> Prompt:
Copying exactly, give the lines in the material below from the one with "#73=EDGE_LOOP('',(#72));" to the one with "#79=AXIS2_PLACEMENT_3D('',#76,#77,#78);", ends included, and nothing besides.

> Study material:
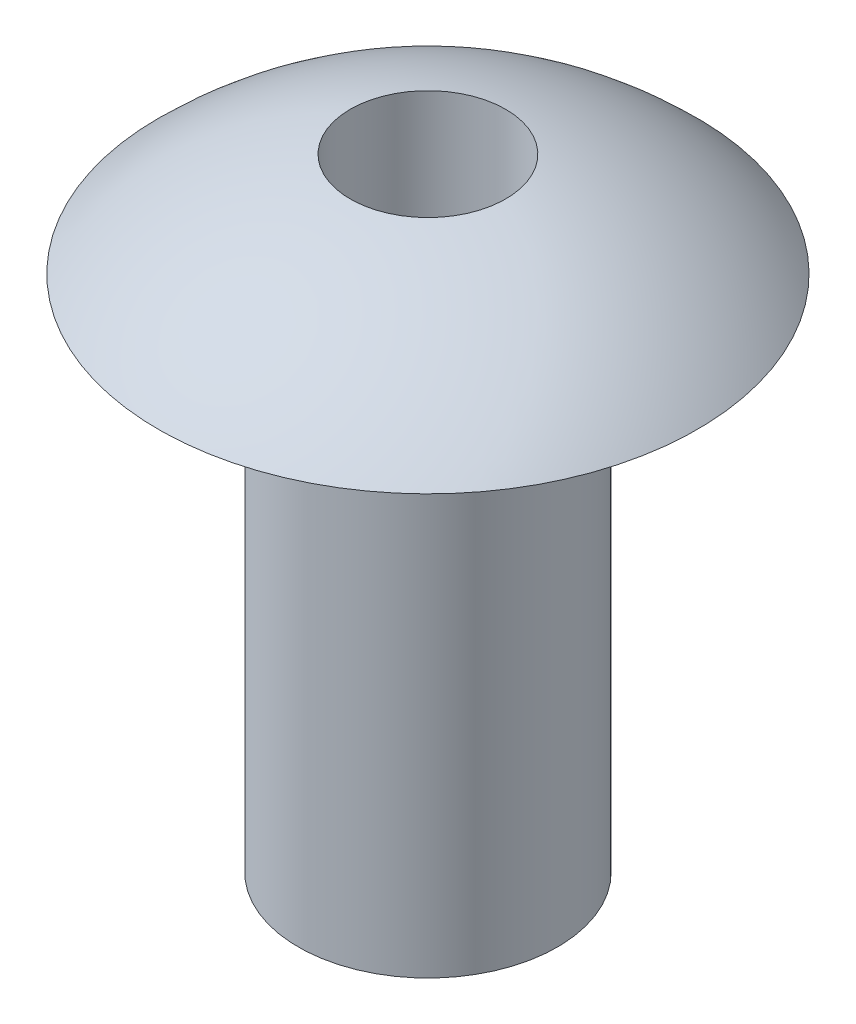
ISO-10303-21;
HEADER;
FILE_DESCRIPTION(('STEP AP214'),'2;1');
FILE_NAME('part.step','',(''),(''),'','','');
FILE_SCHEMA(('AUTOMOTIVE_DESIGN { 1 0 10303 214 1 1 1 1 }'));
ENDSEC;
DATA;
#1=APPLICATION_CONTEXT('core data for automotive mechanical design processes');
#2=APPLICATION_PROTOCOL_DEFINITION('international standard','automotive_design',2000,#1);
#3=PRODUCT_CONTEXT('',#1,'mechanical');
#4=PRODUCT('Part','Part','',(#3));
#5=PRODUCT_RELATED_PRODUCT_CATEGORY('part','',(#4));
#6=PRODUCT_DEFINITION_FORMATION('','',#4);
#7=PRODUCT_DEFINITION_CONTEXT('part definition',#1,'design');
#8=PRODUCT_DEFINITION('design','',#6,#7);
#9=PRODUCT_DEFINITION_SHAPE('','',#8);
#10=(LENGTH_UNIT() NAMED_UNIT(*) SI_UNIT(.MILLI.,.METRE.));
#11=(NAMED_UNIT(*) PLANE_ANGLE_UNIT() SI_UNIT($,.RADIAN.));
#12=(NAMED_UNIT(*) SI_UNIT($,.STERADIAN.) SOLID_ANGLE_UNIT());
#13=UNCERTAINTY_MEASURE_WITH_UNIT(LENGTH_MEASURE(1.E-05),#10,'distance_accuracy_value','');
#14=(GEOMETRIC_REPRESENTATION_CONTEXT(3) GLOBAL_UNCERTAINTY_ASSIGNED_CONTEXT((#13)) GLOBAL_UNIT_ASSIGNED_CONTEXT((#10,
#11,#12)) REPRESENTATION_CONTEXT('',''));
#15=CARTESIAN_POINT('',(0.,0.,0.));
#16=DIRECTION('',(0.,0.,1.));
#17=DIRECTION('',(1.,0.,0.));
#18=AXIS2_PLACEMENT_3D('',#15,#16,#17);
#19=CARTESIAN_POINT('',(0.,-2.8815,0.));
#20=DIRECTION('',(0.,1.,0.));
#21=DIRECTION('',(0.,0.,1.));
#22=AXIS2_PLACEMENT_3D('',#19,#20,#21);
#23=PLANE('',#22);
#24=CARTESIAN_POINT('',(0.,-2.8815,0.));
#25=DIRECTION('',(0.,-1.,0.));
#26=DIRECTION('',(0.,0.,-1.));
#27=AXIS2_PLACEMENT_3D('',#24,#25,#26);
#28=CIRCLE('',#27,1.50000000000337);
#29=CARTESIAN_POINT('',(0.,-2.8815,-1.50000000000337));
#30=VERTEX_POINT('',#29);
#31=EDGE_CURVE('E10',#30,#30,#28,.T.);
#32=ORIENTED_EDGE('',*,*,#31,.T.);
#33=EDGE_LOOP('',(#32));
#34=FACE_BOUND('',#33,.T.);
#35=ADVANCED_FACE('F34',(#34),#23,.F.);
#36=CARTESIAN_POINT('',(0.,-2.8815,0.));
#37=DIRECTION('',(0.,-1.,0.));
#38=DIRECTION('',(0.,0.,-1.));
#39=AXIS2_PLACEMENT_3D('',#36,#37,#38);
#40=CYLINDRICAL_SURFACE('',#39,1.50000000000337);
#41=ORIENTED_EDGE('',*,*,#31,.F.);
#42=EDGE_LOOP('',(#41));
#43=FACE_BOUND('',#42,.T.);
#44=CARTESIAN_POINT('',(0.,3.1185,0.));
#45=DIRECTION('',(0.,-1.,0.));
#46=DIRECTION('',(0.,0.,-1.));
#47=AXIS2_PLACEMENT_3D('',#44,#45,#46);
#48=CIRCLE('',#47,1.50000000000337);
#49=CARTESIAN_POINT('',(0.,3.1185,-1.50000000000337));
#50=VERTEX_POINT('',#49);
#51=EDGE_CURVE('E40',#50,#50,#48,.T.);
#52=ORIENTED_EDGE('',*,*,#51,.T.);
#53=EDGE_LOOP('',(#52));
#54=FACE_BOUND('',#53,.T.);
#55=ADVANCED_FACE('F69',(#43,#54),#40,.T.);
#56=CARTESIAN_POINT('',(-1.50000000000337,3.1185,0.));
#57=DIRECTION('',(0.,1.,0.));
#58=DIRECTION('',(0.,0.,1.));
#59=AXIS2_PLACEMENT_3D('',#56,#57,#58);
#60=PLANE('',#59);
#61=ORIENTED_EDGE('',*,*,#51,.F.);
#62=EDGE_LOOP('',(#61));
#63=FACE_BOUND('',#62,.T.);
#64=CARTESIAN_POINT('',(0.,3.1185,0.));
#65=DIRECTION('',(0.,-1.,0.));
#66=DIRECTION('',(0.,0.,-1.));
#67=AXIS2_PLACEMENT_3D('',#64,#65,#66);
#68=CIRCLE('',#67,3.12);
#69=CARTESIAN_POINT('',(-3.12,3.1185,0.));
#70=VERTEX_POINT('',#69);
#71=EDGE_CURVE('E44',#70,#70,#68,.T.);
#72=ORIENTED_EDGE('',*,*,#71,.T.);
#73=EDGE_LOOP('',(#72));
#74=FACE_BOUND('',#73,.T.);
#75=ADVANCED_FACE('F73',(#63,#74),#60,.F.);
#76=CARTESIAN_POINT('',(0.,0.,0.));
#77=DIRECTION('',(0.,-1.,0.));
#78=DIRECTION('',(-1.,0.,0.));
#79=AXIS2_PLACEMENT_3D('',#76,#77,#78);
#80=SPHERICAL_SURFACE('',#79,4.41128578194612);
#81=CARTESIAN_POINT('',(0.,4.3185,0.));
#82=DIRECTION('',(0.,-1.,0.));
#83=DIRECTION('',(0.,0.,-1.));
#84=AXIS2_PLACEMENT_3D('',#81,#82,#83);
#85=CIRCLE('',#84,0.9);
#86=CARTESIAN_POINT('',(-0.9,4.3185,0.));
#87=VERTEX_POINT('',#86);
#88=EDGE_CURVE('E48',#87,#87,#85,.T.);
#89=CARTESIAN_POINT('',(-3.12,3.1185,0.));
#90=CARTESIAN_POINT('',(-3.10115343443583,3.13735567112005,0.));
#91=CARTESIAN_POINT('',(-3.08213589932211,3.15604045362084,0.));
#92=CARTESIAN_POINT('',(-3.04376522812922,3.19306218979977,0.));
#93=CARTESIAN_POINT('',(-3.02441209205006,3.21139914347792,0.));
#94=CARTESIAN_POINT('',(-2.98537655706,3.24771917042746,0.));
#95=CARTESIAN_POINT('',(-2.9656941581491,3.26570224369885,0.));
#96=CARTESIAN_POINT('',(-2.92600657341747,3.30130860520783,0.));
#97=CARTESIAN_POINT('',(-2.90600138759674,3.31893189344542,0.));
#98=CARTESIAN_POINT('',(-2.86567480314847,3.35381289031372,0.));
#99=CARTESIAN_POINT('',(-2.84535340452092,3.37107059894442,0.));
#100=CARTESIAN_POINT('',(-2.80440107462448,3.40521476439267,0.));
#101=CARTESIAN_POINT('',(-2.7837701433556,3.42210122121023,0.));
#102=CARTESIAN_POINT('',(-2.74220552951783,3.45549733226838,0.));
#103=CARTESIAN_POINT('',(-2.72127184694895,3.47200698650899,0.));
#104=CARTESIAN_POINT('',(-2.67910861152036,3.50464406566374,0.));
#105=CARTESIAN_POINT('',(-2.65787905866064,3.52077149057788,0.));
#106=CARTESIAN_POINT('',(-2.61513106087232,3.55263880992803,0.));
#107=CARTESIAN_POINT('',(-2.59361261594371,3.56837870436404,0.));
#108=CARTESIAN_POINT('',(-2.55029390721039,3.59946578900025,0.));
#109=CARTESIAN_POINT('',(-2.52849364340567,3.61481297920045,0.));
#110=CARTESIAN_POINT('',(-2.48461846274482,3.64510961068765,0.));
#111=CARTESIAN_POINT('',(-2.46254354588869,3.66005905197464,0.));
#112=CARTESIAN_POINT('',(-2.41812631522996,3.68955527170032,0.));
#113=CARTESIAN_POINT('',(-2.39578400142737,3.70410205013901,0.));
#114=CARTESIAN_POINT('',(-2.3508393208748,3.7327881625895,0.));
#115=CARTESIAN_POINT('',(-2.32823695412483,3.74692749660131,0.));
#116=CARTESIAN_POINT('',(-2.28277959715696,3.77479407254797,0.));
#117=CARTESIAN_POINT('',(-2.25992460693907,3.78852131448283,0.));
#118=CARTESIAN_POINT('',(-2.21396951555308,3.81555919408165,0.));
#119=CARTESIAN_POINT('',(-2.19086941438498,3.82886983174563,0.));
#120=CARTESIAN_POINT('',(-2.14443169418514,3.85507012754809,0.));
#121=CARTESIAN_POINT('',(-2.1210940751534,3.86795978568657,0.));
#122=CARTESIAN_POINT('',(-2.0741889903858,3.89331388556095,0.));
#123=CARTESIAN_POINT('',(-2.05062152464995,3.90577832729684,0.));
#124=CARTESIAN_POINT('',(-2.00326449318512,3.93027789725907,0.));
#125=CARTESIAN_POINT('',(-1.97947492745614,3.94231302548541,0.));
#126=CARTESIAN_POINT('',(-1.9316815157211,3.96595001243848,0.));
#127=CARTESIAN_POINT('',(-1.90767766971504,3.97755187116522,0.));
#128=CARTESIAN_POINT('',(-1.85946358757659,4.0003185055463,0.));
#129=CARTESIAN_POINT('',(-1.83525335144419,4.01148328120064,0.));
#130=CARTESIAN_POINT('',(-1.786634447045,4.03337207953488,0.));
#131=CARTESIAN_POINT('',(-1.7622257787782,4.04409610221479,0.));
#132=CARTESIAN_POINT('',(-1.71321803332749,4.06509986957529,0.));
#133=CARTESIAN_POINT('',(-1.68861895614358,4.07537961425588,0.));
#134=CARTESIAN_POINT('',(-1.63923847866398,4.09549144662839,0.));
#135=CARTESIAN_POINT('',(-1.61445707836829,4.1053235343203,0.));
#136=CARTESIAN_POINT('',(-1.56472010040097,4.12453682087363,0.));
#137=CARTESIAN_POINT('',(-1.53976452272934,4.13391801973504,0.));
#138=CARTESIAN_POINT('',(-1.4896873929978,4.15222644499022,0.));
#139=CARTESIAN_POINT('',(-1.46456584093788,4.161153671384,0.));
#140=CARTESIAN_POINT('',(-1.41416501997726,4.1785512173045,0.));
#141=CARTESIAN_POINT('',(-1.38888575107656,4.18702153683124,0.));
#142=CARTESIAN_POINT('',(-1.33817780581094,4.20350248474788,0.));
#143=CARTESIAN_POINT('',(-1.31274912944603,4.21151311313778,0.));
#144=CARTESIAN_POINT('',(-1.261750727788,4.22707204582708,0.));
#145=CARTESIAN_POINT('',(-1.23618100249488,4.23462035012647,0.));
#146=CARTESIAN_POINT('',(-1.18490890769812,4.24925215285008,0.));
#147=CARTESIAN_POINT('',(-1.15920653819449,4.2563356512743,0.));
#148=CARTESIAN_POINT('',(-1.10767760397276,4.2700355162266,0.));
#149=CARTESIAN_POINT('',(-1.08185103925466,4.27665188275467,0.));
#150=CARTESIAN_POINT('',(-1.03008220189418,4.28941530031894,0.));
#151=CARTESIAN_POINT('',(-1.00413992925181,4.29556235135513,0.));
#152=CARTESIAN_POINT('',(-0.952148210805942,4.30738515011606,0.));
#153=CARTESIAN_POINT('',(-0.926098765002456,4.31306089784079,0.));
#154=CARTESIAN_POINT('',(-0.9,4.3185,0.));
#155=B_SPLINE_CURVE_WITH_KNOTS('',3,(#89,#90,#91,#92,#93,#94,#95,#96,#97,#98,#99,#100,#101,#102,
#103,#104,#105,#106,#107,#108,#109,#110,#111,#112,#113,#114,#115,#116,#117,#118,#119,#120,#121,
#122,#123,#124,#125,#126,#127,#128,#129,#130,#131,#132,#133,#134,#135,#136,#137,#138,#139,#140,
#141,#142,#143,#144,#145,#146,#147,#148,#149,#150,#151,#152,#153,#154),.UNSPECIFIED.,.F.,.F.,(4,
2,2,2,2,2,2,2,2,2,2,2,2,2,2,2,2,2,2,2,2,2,2,2,2,2,2,2,2,2,2,2,4),(0.,0.0799774270947195,
0.159954854189439,0.23993228128416,0.319909708378879,0.3998871354736,0.479864562568319,
0.559841989663039,0.639819416757759,0.719796843852479,0.799774270947199,0.879751698041919,
0.959729125136639,1.03970655223136,1.11968397932608,1.1996614064208,1.27963883351552,
1.35961626061024,1.43959368770496,1.51957111479968,1.5995485418944,1.67952596898912,
1.75950339608384,1.83948082317856,1.91945825027328,1.999435677368,2.07941310446272,
2.15939053155744,2.23936795865216,2.31934538574688,2.3993228128416,2.47930023993632,
2.55927766703104),.UNSPECIFIED.);
#156=EDGE_CURVE('BSEAM65',#70,#87,#155,.T.);
#157=ORIENTED_EDGE('',*,*,#71,.F.);
#158=ORIENTED_EDGE('',*,*,#88,.T.);
#159=ORIENTED_EDGE('',*,*,#156,.T.);
#160=ORIENTED_EDGE('',*,*,#156,.F.);
#161=EDGE_LOOP('',(#157,#159,#158,#160));
#162=FACE_BOUND('',#161,.T.);
#163=ADVANCED_FACE('F65',(#162),#80,.T.);
#164=CARTESIAN_POINT('',(0.,-2.8815,0.));
#165=DIRECTION('',(0.,-1.,0.));
#166=DIRECTION('',(0.,0.,-1.));
#167=AXIS2_PLACEMENT_3D('',#164,#165,#166);
#168=CYLINDRICAL_SURFACE('',#167,0.9);
#169=ORIENTED_EDGE('',*,*,#88,.F.);
#170=EDGE_LOOP('',(#169));
#171=FACE_BOUND('',#170,.T.);
#172=CARTESIAN_POINT('',(0.,1.9185,0.));
#173=DIRECTION('',(0.,-1.,0.));
#174=DIRECTION('',(0.,0.,-1.));
#175=AXIS2_PLACEMENT_3D('',#172,#173,#174);
#176=CIRCLE('',#175,0.9);
#177=CARTESIAN_POINT('',(0.,1.9185,-0.9));
#178=VERTEX_POINT('',#177);
#179=EDGE_CURVE('E53',#178,#178,#176,.T.);
#180=ORIENTED_EDGE('',*,*,#179,.T.);
#181=EDGE_LOOP('',(#180));
#182=FACE_BOUND('',#181,.T.);
#183=ADVANCED_FACE('F57',(#171,#182),#168,.F.);
#184=CARTESIAN_POINT('',(-0.9,1.9185,0.));
#185=DIRECTION('',(0.,-1.,0.));
#186=DIRECTION('',(0.,0.,-1.));
#187=AXIS2_PLACEMENT_3D('',#184,#185,#186);
#188=PLANE('',#187);
#189=ORIENTED_EDGE('',*,*,#179,.F.);
#190=EDGE_LOOP('',(#189));
#191=FACE_BOUND('',#190,.T.);
#192=ADVANCED_FACE('F59',(#191),#188,.F.);
#193=CLOSED_SHELL('',(#35,#55,#75,#163,#183,#192));
#194=MANIFOLD_SOLID_BREP('B2',#193);
#195=ADVANCED_BREP_SHAPE_REPRESENTATION('',(#18,#194),#14);
#196=SHAPE_DEFINITION_REPRESENTATION(#9,#195);
ENDSEC;
END-ISO-10303-21;

> Solution:
#73=EDGE_LOOP('',(#72));
#74=FACE_BOUND('',#73,.T.);
#75=ADVANCED_FACE('F73',(#63,#74),#60,.F.);
#76=CARTESIAN_POINT('',(0.,0.,0.));
#77=DIRECTION('',(0.,-1.,0.));
#78=DIRECTION('',(-1.,0.,0.));
#79=AXIS2_PLACEMENT_3D('',#76,#77,#78);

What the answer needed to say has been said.